Turn large images into patches with webhooks

This document will showcase how to split up large images into smaller patches and save them into a new dataset using existing functionality in V7. More explicitly we will look at how to leverage V7 workflows and webhooks.

An example FLASK server using the V7 darwin-py python repository to produce patches from larger images and upload them to a new dataset is made available at the V7 github here.

Why is it useful?

When handling large images there is a variety of reasons why it can be useful to convert them into smaller patches. One reason is the limit of GPU memory that will regulate the maximal image size that can be used for training your neural networks. A common method to handle limited GPU memory is to downsize the images, but that is not always a viable strategy. Images with small objects can have them reduced to only a couple of pixels in size after down sampling and reduce the models ability to correctly find and delineate those objects for example. In this case it can be beneficial to instead use augmentation strategies such as cropping, or just split your images into smaller patches.

The ability to generate patches from a large image, either by splitting up the image or to manually choose areas to generate patches from for a downstream task can be used for a myriad of other reasons as well. Such as quality control, designing a new dataset for task X, making it easier for annotators to work on images with a lot of details and/or objects, and so on. In this guide we hope to give you building blocks to support with above tasks but also enable you to build workflows we have yet to imagine.
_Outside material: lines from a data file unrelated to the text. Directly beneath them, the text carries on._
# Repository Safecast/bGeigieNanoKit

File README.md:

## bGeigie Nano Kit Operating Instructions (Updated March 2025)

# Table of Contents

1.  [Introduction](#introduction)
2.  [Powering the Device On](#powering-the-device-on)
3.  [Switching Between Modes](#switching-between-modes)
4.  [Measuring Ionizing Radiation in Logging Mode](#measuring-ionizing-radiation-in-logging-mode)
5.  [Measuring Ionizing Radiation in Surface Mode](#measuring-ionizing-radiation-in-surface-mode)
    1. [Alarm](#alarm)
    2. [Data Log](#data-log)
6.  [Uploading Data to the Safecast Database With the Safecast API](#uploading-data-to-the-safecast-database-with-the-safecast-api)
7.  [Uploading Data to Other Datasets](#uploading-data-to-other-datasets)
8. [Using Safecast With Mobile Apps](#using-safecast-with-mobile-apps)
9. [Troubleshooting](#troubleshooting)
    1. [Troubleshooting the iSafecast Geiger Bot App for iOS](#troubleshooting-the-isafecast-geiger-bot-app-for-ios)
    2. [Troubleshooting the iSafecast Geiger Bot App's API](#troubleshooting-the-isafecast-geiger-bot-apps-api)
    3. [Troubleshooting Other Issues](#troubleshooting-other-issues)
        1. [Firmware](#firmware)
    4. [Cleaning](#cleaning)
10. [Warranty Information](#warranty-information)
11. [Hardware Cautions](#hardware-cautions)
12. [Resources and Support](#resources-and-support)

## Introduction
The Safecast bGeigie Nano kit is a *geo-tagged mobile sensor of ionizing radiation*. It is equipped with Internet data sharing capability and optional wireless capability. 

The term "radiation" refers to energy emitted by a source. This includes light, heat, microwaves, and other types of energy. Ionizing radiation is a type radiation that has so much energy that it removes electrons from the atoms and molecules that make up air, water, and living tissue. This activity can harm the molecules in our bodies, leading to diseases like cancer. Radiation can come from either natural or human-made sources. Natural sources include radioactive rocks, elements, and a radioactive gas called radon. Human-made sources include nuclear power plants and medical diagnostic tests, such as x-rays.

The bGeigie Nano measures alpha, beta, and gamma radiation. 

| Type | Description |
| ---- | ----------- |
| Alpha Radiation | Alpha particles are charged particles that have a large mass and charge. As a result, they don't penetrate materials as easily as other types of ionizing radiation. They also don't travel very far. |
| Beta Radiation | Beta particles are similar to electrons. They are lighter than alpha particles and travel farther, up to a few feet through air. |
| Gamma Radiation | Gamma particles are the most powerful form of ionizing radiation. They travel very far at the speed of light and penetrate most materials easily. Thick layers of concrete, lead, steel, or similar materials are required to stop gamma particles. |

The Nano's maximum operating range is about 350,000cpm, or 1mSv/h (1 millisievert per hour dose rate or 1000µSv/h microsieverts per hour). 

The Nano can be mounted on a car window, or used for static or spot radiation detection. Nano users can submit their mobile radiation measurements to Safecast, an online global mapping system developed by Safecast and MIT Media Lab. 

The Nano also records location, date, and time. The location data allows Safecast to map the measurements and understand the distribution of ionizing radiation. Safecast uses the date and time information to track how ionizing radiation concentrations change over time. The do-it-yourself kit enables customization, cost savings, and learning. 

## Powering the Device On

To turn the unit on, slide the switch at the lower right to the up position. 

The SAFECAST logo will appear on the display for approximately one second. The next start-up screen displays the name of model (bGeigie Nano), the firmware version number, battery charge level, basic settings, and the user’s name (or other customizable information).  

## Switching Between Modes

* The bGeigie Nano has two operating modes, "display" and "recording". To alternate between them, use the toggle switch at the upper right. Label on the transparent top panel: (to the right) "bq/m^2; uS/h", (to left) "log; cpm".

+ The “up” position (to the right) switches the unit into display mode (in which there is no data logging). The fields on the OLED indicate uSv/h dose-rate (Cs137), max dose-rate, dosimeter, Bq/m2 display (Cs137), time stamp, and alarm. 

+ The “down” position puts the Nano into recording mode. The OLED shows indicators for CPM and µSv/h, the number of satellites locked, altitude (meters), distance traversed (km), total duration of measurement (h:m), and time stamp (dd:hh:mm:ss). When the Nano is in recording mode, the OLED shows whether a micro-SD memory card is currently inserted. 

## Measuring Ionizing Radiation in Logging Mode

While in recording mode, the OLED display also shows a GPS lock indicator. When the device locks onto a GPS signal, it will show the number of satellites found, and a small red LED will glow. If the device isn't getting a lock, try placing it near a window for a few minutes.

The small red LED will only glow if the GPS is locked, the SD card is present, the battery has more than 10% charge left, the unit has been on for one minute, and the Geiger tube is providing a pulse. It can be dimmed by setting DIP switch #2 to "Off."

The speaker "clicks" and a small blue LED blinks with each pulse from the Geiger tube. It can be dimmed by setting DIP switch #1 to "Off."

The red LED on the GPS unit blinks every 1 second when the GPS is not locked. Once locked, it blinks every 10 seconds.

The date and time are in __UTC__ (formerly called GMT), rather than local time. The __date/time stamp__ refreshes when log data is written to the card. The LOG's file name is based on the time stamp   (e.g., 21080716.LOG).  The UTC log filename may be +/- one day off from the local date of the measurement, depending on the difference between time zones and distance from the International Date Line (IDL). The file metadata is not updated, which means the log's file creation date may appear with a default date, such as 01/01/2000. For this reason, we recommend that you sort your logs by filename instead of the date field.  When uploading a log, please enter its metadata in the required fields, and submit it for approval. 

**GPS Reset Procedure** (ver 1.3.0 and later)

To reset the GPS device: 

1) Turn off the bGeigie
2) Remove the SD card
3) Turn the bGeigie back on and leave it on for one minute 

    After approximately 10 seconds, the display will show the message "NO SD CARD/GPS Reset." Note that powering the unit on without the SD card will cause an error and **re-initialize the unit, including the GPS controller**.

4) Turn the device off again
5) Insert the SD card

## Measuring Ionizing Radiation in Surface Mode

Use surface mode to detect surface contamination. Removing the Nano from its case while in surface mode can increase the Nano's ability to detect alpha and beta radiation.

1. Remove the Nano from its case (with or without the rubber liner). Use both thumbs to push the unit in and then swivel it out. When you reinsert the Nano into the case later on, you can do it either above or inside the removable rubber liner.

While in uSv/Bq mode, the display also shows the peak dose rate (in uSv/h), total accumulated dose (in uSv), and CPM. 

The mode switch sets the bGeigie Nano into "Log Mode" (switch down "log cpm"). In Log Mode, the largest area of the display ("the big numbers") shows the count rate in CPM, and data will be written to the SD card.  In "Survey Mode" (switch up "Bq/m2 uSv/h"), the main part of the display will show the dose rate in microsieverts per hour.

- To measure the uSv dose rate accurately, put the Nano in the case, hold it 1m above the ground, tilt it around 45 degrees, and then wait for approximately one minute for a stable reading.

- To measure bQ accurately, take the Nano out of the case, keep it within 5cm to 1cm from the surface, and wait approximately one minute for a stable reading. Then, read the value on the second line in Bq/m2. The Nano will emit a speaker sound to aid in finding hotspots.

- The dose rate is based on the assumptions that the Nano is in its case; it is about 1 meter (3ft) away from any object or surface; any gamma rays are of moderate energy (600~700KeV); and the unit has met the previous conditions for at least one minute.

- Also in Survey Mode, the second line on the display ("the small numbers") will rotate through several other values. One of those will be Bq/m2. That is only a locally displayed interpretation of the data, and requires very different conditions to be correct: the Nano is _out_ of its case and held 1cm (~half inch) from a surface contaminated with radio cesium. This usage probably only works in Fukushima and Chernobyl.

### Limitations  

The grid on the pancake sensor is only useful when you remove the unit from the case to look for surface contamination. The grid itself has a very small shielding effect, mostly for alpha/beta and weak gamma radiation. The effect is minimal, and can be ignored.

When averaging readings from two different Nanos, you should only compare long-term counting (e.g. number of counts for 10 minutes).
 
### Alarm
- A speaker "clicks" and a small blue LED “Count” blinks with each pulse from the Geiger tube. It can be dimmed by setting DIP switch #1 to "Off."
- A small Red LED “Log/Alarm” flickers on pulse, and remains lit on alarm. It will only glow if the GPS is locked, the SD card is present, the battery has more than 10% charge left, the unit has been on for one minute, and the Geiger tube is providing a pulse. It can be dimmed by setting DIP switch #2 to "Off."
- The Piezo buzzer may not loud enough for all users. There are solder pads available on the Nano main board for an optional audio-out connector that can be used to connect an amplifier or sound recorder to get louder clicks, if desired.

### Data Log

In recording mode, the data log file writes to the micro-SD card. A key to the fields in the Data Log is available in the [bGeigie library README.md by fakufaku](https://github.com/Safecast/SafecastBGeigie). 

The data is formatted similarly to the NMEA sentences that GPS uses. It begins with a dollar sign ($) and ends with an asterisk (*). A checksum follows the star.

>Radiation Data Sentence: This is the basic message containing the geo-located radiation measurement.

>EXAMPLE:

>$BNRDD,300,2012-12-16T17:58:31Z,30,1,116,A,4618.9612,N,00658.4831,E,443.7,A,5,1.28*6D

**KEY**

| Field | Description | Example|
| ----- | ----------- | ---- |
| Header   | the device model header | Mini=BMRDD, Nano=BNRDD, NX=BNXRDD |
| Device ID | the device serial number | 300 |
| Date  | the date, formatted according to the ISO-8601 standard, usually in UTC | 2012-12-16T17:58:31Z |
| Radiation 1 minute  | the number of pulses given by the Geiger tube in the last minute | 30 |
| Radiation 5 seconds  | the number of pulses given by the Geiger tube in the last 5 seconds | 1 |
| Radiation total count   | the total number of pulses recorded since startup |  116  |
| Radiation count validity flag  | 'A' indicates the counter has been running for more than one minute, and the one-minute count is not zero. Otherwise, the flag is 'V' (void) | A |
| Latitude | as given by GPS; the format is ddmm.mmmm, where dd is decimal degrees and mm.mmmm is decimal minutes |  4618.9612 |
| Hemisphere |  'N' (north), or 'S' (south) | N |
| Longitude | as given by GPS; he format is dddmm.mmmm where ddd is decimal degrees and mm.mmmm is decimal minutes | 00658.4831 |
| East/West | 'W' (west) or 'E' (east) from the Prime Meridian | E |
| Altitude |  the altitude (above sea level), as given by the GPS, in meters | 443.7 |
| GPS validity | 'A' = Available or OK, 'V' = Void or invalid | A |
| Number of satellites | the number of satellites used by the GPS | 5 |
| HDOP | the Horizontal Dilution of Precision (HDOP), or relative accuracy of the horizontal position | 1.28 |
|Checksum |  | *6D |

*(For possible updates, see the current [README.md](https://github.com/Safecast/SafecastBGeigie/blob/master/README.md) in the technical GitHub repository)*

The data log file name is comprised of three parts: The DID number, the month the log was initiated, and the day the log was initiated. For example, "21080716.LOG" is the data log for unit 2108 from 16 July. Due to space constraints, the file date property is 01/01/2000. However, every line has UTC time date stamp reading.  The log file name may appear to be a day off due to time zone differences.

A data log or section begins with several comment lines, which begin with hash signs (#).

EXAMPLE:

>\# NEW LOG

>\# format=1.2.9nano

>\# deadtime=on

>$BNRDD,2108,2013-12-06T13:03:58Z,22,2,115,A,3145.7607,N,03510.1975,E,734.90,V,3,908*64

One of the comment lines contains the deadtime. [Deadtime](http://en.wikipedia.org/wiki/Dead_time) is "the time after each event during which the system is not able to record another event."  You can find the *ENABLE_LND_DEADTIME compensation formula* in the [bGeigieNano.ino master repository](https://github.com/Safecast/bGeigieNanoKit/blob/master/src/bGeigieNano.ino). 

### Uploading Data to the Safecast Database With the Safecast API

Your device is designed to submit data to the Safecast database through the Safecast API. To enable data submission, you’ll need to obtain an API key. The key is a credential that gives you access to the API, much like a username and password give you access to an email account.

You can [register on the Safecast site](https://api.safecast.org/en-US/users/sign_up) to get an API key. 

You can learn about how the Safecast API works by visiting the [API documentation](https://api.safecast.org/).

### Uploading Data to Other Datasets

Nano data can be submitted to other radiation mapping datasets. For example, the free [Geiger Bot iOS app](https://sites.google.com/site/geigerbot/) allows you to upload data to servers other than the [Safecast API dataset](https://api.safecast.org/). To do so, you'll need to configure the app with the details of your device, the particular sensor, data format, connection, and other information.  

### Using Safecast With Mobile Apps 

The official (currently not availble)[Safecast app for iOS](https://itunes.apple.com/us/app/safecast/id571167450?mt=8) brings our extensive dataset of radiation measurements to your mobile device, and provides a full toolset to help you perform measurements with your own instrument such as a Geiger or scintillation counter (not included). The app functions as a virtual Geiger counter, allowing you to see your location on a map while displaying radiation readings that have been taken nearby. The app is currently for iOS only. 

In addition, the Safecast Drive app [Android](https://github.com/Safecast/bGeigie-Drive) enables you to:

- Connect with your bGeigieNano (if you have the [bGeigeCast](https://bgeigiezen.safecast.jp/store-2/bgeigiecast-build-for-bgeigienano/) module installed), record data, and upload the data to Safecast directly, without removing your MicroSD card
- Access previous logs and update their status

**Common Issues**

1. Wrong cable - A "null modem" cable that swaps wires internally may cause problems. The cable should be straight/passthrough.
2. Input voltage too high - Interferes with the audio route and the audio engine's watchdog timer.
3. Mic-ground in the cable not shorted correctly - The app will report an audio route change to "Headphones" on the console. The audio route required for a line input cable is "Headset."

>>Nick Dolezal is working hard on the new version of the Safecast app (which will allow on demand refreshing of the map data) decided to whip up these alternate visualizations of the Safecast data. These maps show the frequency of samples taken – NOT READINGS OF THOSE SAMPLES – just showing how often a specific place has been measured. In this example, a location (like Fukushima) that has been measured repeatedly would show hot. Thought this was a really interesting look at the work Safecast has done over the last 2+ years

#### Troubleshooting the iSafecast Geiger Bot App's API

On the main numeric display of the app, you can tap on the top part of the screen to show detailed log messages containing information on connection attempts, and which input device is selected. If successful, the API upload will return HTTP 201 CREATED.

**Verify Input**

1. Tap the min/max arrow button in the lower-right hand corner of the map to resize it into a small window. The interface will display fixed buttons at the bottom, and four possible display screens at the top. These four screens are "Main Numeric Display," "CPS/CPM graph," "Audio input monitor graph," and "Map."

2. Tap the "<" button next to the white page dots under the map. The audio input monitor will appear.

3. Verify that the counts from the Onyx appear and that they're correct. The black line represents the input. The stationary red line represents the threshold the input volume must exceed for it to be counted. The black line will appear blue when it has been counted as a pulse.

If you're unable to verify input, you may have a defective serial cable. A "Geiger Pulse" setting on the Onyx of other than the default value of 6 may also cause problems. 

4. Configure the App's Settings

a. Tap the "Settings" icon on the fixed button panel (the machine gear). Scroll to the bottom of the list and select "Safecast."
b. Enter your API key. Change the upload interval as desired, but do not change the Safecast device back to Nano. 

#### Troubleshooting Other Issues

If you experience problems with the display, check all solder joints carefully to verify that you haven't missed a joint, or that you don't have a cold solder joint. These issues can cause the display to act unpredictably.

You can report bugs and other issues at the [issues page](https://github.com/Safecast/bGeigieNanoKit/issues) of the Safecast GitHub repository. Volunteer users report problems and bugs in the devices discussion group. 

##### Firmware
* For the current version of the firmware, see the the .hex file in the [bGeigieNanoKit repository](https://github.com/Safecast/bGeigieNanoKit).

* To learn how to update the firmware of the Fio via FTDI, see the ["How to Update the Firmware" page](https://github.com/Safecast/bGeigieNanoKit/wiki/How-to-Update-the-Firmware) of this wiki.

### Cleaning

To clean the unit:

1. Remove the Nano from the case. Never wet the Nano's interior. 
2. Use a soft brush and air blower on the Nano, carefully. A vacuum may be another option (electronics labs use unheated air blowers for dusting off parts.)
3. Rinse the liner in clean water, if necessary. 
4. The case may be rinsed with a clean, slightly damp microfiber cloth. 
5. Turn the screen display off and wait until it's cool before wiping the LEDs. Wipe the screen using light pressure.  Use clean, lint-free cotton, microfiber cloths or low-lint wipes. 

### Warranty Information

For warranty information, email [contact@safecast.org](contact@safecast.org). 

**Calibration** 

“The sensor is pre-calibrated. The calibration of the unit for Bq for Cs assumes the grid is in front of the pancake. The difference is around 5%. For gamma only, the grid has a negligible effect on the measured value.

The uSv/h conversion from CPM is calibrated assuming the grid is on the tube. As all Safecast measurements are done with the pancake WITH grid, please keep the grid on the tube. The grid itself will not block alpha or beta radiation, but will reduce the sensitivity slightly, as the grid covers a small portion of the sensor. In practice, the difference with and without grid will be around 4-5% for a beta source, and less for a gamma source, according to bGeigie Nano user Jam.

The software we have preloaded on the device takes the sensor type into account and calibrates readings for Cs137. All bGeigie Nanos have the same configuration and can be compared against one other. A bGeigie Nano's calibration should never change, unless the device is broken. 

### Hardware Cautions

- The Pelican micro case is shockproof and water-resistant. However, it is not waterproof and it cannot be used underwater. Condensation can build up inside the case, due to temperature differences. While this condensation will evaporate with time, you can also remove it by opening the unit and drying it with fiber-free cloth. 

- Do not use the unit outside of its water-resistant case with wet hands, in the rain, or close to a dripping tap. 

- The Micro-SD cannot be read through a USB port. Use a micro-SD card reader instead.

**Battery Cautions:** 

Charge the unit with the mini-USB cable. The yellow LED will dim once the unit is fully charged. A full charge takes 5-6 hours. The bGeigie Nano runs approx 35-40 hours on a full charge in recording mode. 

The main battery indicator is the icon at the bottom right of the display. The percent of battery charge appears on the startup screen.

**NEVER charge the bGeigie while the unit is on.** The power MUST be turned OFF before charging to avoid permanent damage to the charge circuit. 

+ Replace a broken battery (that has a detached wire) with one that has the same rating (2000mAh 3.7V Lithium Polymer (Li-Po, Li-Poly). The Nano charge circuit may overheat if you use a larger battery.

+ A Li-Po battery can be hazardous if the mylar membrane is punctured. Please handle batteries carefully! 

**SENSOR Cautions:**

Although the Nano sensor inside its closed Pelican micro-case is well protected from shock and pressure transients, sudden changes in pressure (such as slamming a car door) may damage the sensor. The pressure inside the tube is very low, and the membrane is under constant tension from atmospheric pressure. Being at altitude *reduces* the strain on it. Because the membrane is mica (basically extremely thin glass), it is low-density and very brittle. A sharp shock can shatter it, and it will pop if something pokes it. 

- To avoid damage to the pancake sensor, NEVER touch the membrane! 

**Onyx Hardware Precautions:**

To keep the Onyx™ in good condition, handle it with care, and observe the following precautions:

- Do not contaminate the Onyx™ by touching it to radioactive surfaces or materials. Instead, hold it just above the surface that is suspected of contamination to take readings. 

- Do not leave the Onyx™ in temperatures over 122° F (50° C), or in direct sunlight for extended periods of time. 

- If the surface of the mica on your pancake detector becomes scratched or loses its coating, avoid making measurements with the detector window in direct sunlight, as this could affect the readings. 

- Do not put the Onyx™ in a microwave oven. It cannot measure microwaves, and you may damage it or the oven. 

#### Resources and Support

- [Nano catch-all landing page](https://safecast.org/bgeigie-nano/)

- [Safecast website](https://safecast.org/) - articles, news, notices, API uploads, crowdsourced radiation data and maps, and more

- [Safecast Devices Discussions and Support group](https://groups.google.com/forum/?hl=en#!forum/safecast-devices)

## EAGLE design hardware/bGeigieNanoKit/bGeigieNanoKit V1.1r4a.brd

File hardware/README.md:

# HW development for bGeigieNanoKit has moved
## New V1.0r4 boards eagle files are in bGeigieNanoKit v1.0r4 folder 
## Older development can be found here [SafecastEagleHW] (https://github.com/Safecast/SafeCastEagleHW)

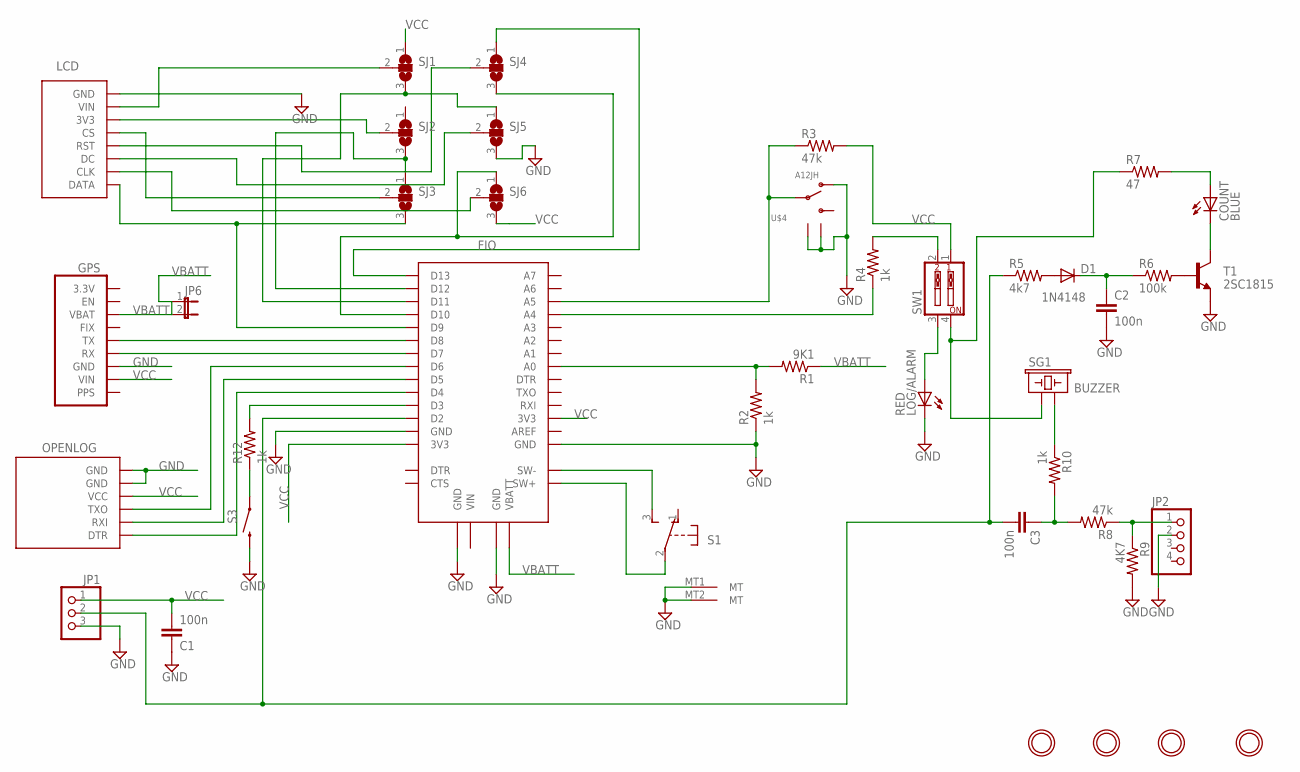
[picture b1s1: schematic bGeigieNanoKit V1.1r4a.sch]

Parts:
C1, C2, C3: 100n; C025-024X044
COUNT: BLUE; LED3MM
D1: 1N4148; DO35-7
FIO: FIO_SOCKETBOT; FIO_V23_SOCKET_BOT
GPS: ULTIMATE_GPSTOP; ULTIMATE_GPS_V3_TOP
JP1: PINHD-1X3/90; 1X03/90
JP2: HEADER-1X4ROUND; 1X04_ROUND
JP6: JUMPER-2SMD-NC; SJ_2S
LCD: SSD1306_128X64_V2_LCD1.3IN_LEVER; SSD1306_128X64_1.3IN_LCD_LEVER
LOG/ALARM: RED; LED3MM
OPENLOG: OPENLOG
R1: 9K1; 0207/10
R2, R4, R10, R12: 1k; 0207/10
R3, R8: 47k; 0207/10
R5: 4k7; 0207/10
R6: 100k; 0207/10
R7: 47; 0207/10
R9: 4K7; 0207/10
S1: S1; EG1206
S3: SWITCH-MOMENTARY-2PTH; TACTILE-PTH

Satellite images of the pyramids of Giza from NASA

Generating Image Patches on V7

Lets start with visualizing what an example workflow looks like. As seen in the following image there is three components to that needs to be in place. First thing to set up is a V7 workflow that in this case takes in a dataset with large satellite images, an annotation step were patches is defined by bounding boxes, a review stage to check the quality and then a webhook stage that will send information about the images and the newly made annotations to a REST server. The REST-server will in this case use the darwin-py python library to read the annotations sent to the REST-server, crop out patches from the large images and then upload the results to a new dataset that is ready to be used for other downstream tasks such as model training.


Workflow visualization, generating a new dataset with patches from large images by utilizing webhooks.

The V7 workflow

Lets take a closer look at the V7 webhook workflow. To use the provided example REST Service to crop the images the annotations first needs to be formatted in the correct way. We currently support images (not videos or 3D volumes) and the crops are defined by using bounding box annotations. This bounding box annotations needs to contain the keyword patch in the name to be used for cropping by the server. This is useful is you want to choose key areas of interest to use for further down-stream tasks.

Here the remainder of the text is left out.